Question #3 – What’s the quota in order to remain active?

I feel like this question is probably THE most important question to find out before you join any company. For most people, they decide to join an independent consultant-based company so they can make money on the side. It does NOT do you any good to join a company if they expect you to sell $300 in personal volume/retail sales in a month. What I’ve realized about myself is, when a company demand such sales, I don’t hit up referrals or marketing as hard. Instead, I just bite the bullet and buy for my personal “inventory”. In the end, I would make only $75 on my own purchase just to be an active consultant. Unless you are the type that would be interested in doing vendor events, this could work out for you, but I didn’t feel like I had that type of support to do that sort of thing. In the end, it was a total waste of money for me.

And speaking of personal inventory. When I was going through my divorce, I didn’t realize how much I spent on “inventory”. It was ridiculous!! I was able to sell off some of the stuff, but “unique” warmers and scents were difficult to get rid of that I ended up donating them to local charities.

Question #4 – How often do you need to hit it?

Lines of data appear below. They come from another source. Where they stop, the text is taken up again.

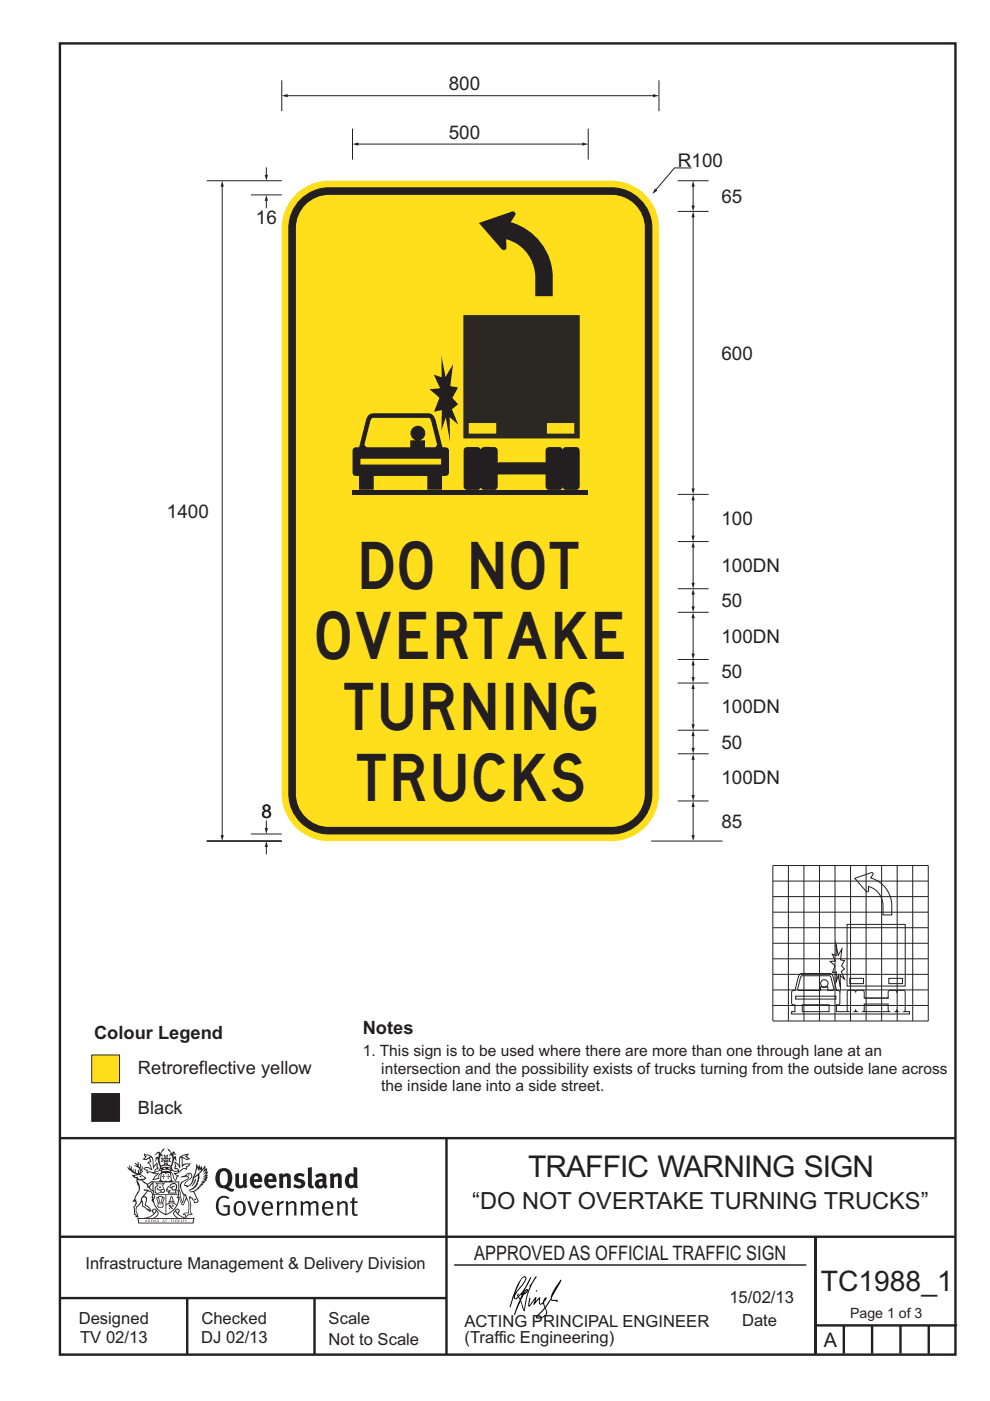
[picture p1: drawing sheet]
<svg xmlns="http://www.w3.org/2000/svg" width="210mm" height="297mm" viewBox="0 0 210 297" stroke-linecap="round" stroke-linejoin="round" font-family="sans-serif">
<g fill="none" stroke="#231f20" stroke-width=".51">
<path d="M12.7 9.2h190v278h-190zM12.7 241.3h189.9M94.7 241.4v45.8M12.7 275.2h82M12.7 262.2h190.1M39.7 275.2v12M66.7 275.2v12M173 262.2v24.8M173 281h30M179 281v6M185 281v6M191 281v6"/>
<path d="M197 281v6"/>
</g>
<path d="M96.4 268.2h74.6" fill="none" stroke="#231f20" stroke-width=".21"/>
<path d="M19.5 231.9h5.9v5.8h-5.9z" fill-rule="evenodd" fill="#231f20" stroke="#231f20" stroke-width=".21"/>
<path d="M19.5 223.7h5.9v5.9h-5.9z" fill-rule="evenodd" fill="#ffdf1b" stroke="#231f20" stroke-width=".21"/>
<g fill="#231f20">
<path d="M47 248.5a2.55 2.55 0 0 0 0 2.7l.3 .1a.81 .81 0 0 0 1-.9v-.6a1.04 1.04 0 0 0-1.1-1.5zM46.3 248.1a1.82 1.82 0 0 1 2.1-.2 1.82 1.82 0 0 1 .9 1.9 2.29 2.29 0 0 1-.8 1.9l.7 .3h.5l-.2 .6a2.87 2.87 0 0 1-2-.7 2.12 2.12 0 0 1-1.7-3.1z" fill-rule="evenodd"/>
<path d="M49.9 248.9l.8-.2v2a.46 .46 0 0 0 .2 .6 .46 .46 0 0 0 .7-.2v-2.2l.7-.2v2.4l.2 .5-.6 .4-.2-.3a1.02 1.02 0 0 1-1.2 .2 1.02 1.02 0 0 1-.6-1.1z" fill-rule="evenodd"/>
<path d="M54 249.5l-.1 .5h.9a.49 .49 0 0 0-.2-.6 .49 .49 0 0 0-.6 .1zM53.4 249.2a1.34 1.34 0 0 1 1.6-.3 1.34 1.34 0 0 1 .6 1.5v.2h-1.7a.77 .77 0 0 0 .5 .8 .77 .77 0 0 0 .9-.3l.3 .4a1.59 1.59 0 0 1-2.1 .2 1.59 1.59 0 0 1-.4-2z" fill-rule="evenodd"/>
<path d="M57 249.5l-.1 .5h.9a.49 .49 0 0 0-.2-.6 .49 .49 0 0 0-.6 .1zM56.4 249.2a1.34 1.34 0 0 1 1.6-.3 1.34 1.34 0 0 1 .7 1.5v.2h-1.8a.77 .77 0 0 0 .5 .8 .77 .77 0 0 0 .9-.3l.3 .4a1.59 1.59 0 0 1-2 .2 1.59 1.59 0 0 1-.5-2z" fill-rule="evenodd"/>
<path d="M59.1 248.9l.8-.2 .1 .4a.95 .95 0 0 1 1-.3 .95 .95 0 0 1 .7 .8v2.3h-.8v-2.3a.46 .46 0 0 0-.8 .1v2.2h-.9z" fill-rule="evenodd"/>
<path d="M62.5 249.1a1.75 1.75 0 0 1 2.1-.1l-.2 .5-.6-.2a.43 .43 0 0 0-.6 .3l.4 .3a1.04 1.04 0 0 1 1.2 1.2 1.04 1.04 0 0 1-1.4 .9l-1.2-.4 .3-.6 1 .4 .4-.4a.88 .88 0 0 0-1-.5l-.4-.2-.1-.4z" fill-rule="evenodd"/>
<path d="M65.3 247.6l.8-.2 .1 3.8 .2 .2 .2 .5a.88 .88 0 0 1-1-.1 .88 .88 0 0 1-.3-1z" fill-rule="evenodd"/>
<path d="M67.8 250.6a.43 .43 0 0 0-.1 .7 .43 .43 0 0 0 .7-.1v-.7zM66.8 249.2a1.7 1.7 0 0 1 2.4 .1v1.8l.3 .4-.4 .5-.5-.3a1.03 1.03 0 0 1-1.7-.2 1.03 1.03 0 0 1 .8-1.5h.7v-.4a.8 .8 0 0 0-1.2 .1z" fill-rule="evenodd"/>
<path d="M69.9 248.9l.8-.2 .1 .4a.95 .95 0 0 1 1-.3 .95 .95 0 0 1 .7 .8v2.3h-.8v-2.3a.46 .46 0 0 0-.8 .1v2.2h-.8z" fill-rule="evenodd"/>
<path d="M74.3 249.5a1.48 1.48 0 0 0 0 1.7l.4 .1 .3-.2v-1.5l-.3-.2zM75 247.4l.8 .2 .1 4.3h-.7l-.1-.2a1.26 1.26 0 0 1-1.4 0 1.26 1.26 0 0 1-.6-1.3 1.29 1.29 0 0 1 .5-1.3 1.29 1.29 0 0 1 1.4-.2z" fill-rule="evenodd"/>
<path d="M46.4 253.9a1.72 1.72 0 0 1 2.2 0l-.2 .3a1.24 1.24 0 0 0-1.4-.1 1.24 1.24 0 0 0-.7 1.3 1.49 1.49 0 0 0 1.3 2l.7-.2v-1.3h-.9l-.1-.4h1.4v2a1.93 1.93 0 0 1-2.2-.1 1.93 1.93 0 0 1-.7-2.2l.2-.7z" fill-rule="evenodd"/>
<path d="M50.3 255.2a1.65 1.65 0 0 0 .3 2.2 .99 .99 0 0 0 1-1.5 .78 .78 0 0 0-.4-.8 .78 .78 0 0 0-.9 .1zM50 254.9a1.33 1.33 0 0 1 1.6-.1 1.33 1.33 0 0 1 .5 1.5 1.31 1.31 0 0 1-1.3 1.5 1.31 1.31 0 0 1-1.3-1.6l.1-.5z" fill-rule="evenodd"/>
<path d="M52.5 254.7l.4-.1 .9 2.6 .8-2.5h.5l-1.1 3h-.5z" fill-rule="evenodd"/>
<path d="M56.2 255.2l-.2 .7h1.4a.7 .7 0 0 0-.3-.8 .7 .7 0 0 0-.9 .1zM55.9 255a1.22 1.22 0 0 1 1.5-.2 1.22 1.22 0 0 1 .5 1.5h-1.9a.93 .93 0 0 0 .5 1 .93 .93 0 0 0 1.2-.2l.1 .3a1.43 1.43 0 0 1-1.7 .1 1.43 1.43 0 0 1-.6-1.7z" fill-rule="evenodd"/>
<path d="M58.7 254.8l.4-.2 .1 .5 .4-.3 .6-.2-.2 .6a.66 .66 0 0 0-.8 .6v1.9h-.4z" fill-rule="evenodd"/>
<path d="M60.6 254.8l.4-.2 .1 .5a.94 .94 0 0 1 1-.4 .94 .94 0 0 1 .8 .7v2.3h-.5l-.1-2.5a.81 .81 0 0 0-1.2 .3v2.2h-.4z" fill-rule="evenodd"/>
<path d="M63.7 254.7l.5-.1 .1 .5 .4-.3a.78 .78 0 0 1 1.1 .3 .9 .9 0 0 1 1-.5 .9 .9 0 0 1 .7 .8v2.3h-.4l-.1-2.5a.67 .67 0 0 0-1.1 .3v2.2h-.5v-2.4l-.4-.2-.7 .4v2.2h-.5z" fill-rule="evenodd"/>
<path d="M69 255.2l-.2 .7h1.4a.7 .7 0 0 0-.3-.8 .7 .7 0 0 0-.9 .1zM68.7 255a1.22 1.22 0 0 1 1.5-.2 1.22 1.22 0 0 1 .5 1.5h-1.9a.93 .93 0 0 0 .5 1 .93 .93 0 0 0 1.2-.2l.1 .3a1.44 1.44 0 0 1-1.7 .1 1.44 1.44 0 0 1-.6-1.7z" fill-rule="evenodd"/>
<path d="M71.4 254.8l.5-.2 .1 .5a.94 .94 0 0 1 1-.4 .94 .94 0 0 1 .7 .7v2.3h-.4l-.1-2.5a.81 .81 0 0 0-1.2 .3v2.2h-.5z" fill-rule="evenodd"/>
<path d="M74.7 254l.5-.2v.9h.7l-.1 .4h-.7l.1 2.2 .1 .1h.5l.1 .3a.75 .75 0 0 1-1.2-.6v-2h-.4v-.4h.4z" fill-rule="evenodd"/>
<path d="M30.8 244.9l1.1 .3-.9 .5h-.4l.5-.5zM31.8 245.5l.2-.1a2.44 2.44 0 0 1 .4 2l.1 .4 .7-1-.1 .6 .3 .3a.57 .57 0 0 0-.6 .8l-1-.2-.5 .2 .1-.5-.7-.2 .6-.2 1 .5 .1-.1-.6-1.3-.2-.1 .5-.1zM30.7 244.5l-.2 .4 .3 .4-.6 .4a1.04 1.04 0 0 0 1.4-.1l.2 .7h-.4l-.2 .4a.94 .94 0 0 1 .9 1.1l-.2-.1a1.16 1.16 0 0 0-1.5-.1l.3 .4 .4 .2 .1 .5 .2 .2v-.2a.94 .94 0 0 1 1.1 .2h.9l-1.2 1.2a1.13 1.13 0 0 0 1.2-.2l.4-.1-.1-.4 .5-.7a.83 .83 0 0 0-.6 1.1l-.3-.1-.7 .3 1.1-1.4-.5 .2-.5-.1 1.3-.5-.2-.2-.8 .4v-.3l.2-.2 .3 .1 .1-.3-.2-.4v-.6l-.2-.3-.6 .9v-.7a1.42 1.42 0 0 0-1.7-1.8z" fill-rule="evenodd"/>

I had question 3 and 4 as one originally, but I ended up feeling that this question deserves a place of its own. The example quota that I used in question 3 was $300 in a month. Although I don’t really think there is such a company that would do that, you just never know which is why you need to make sure you have that answered before you join a company. I don’t mean to start my “recruiting” spiel about Perfectly Posh, but I seriously feel that this company understands that most of their consultants are stay-at-home mothers or women who have full-time careers. In other words, they are definitely not the type of company that wants to drive consultants away. The quota for Perfectly Posh consultants is $300 every 6 months in order to remain active. Completely do-able, and something that wouldn’t give you a knot in your stomach when the deadline’s approaching.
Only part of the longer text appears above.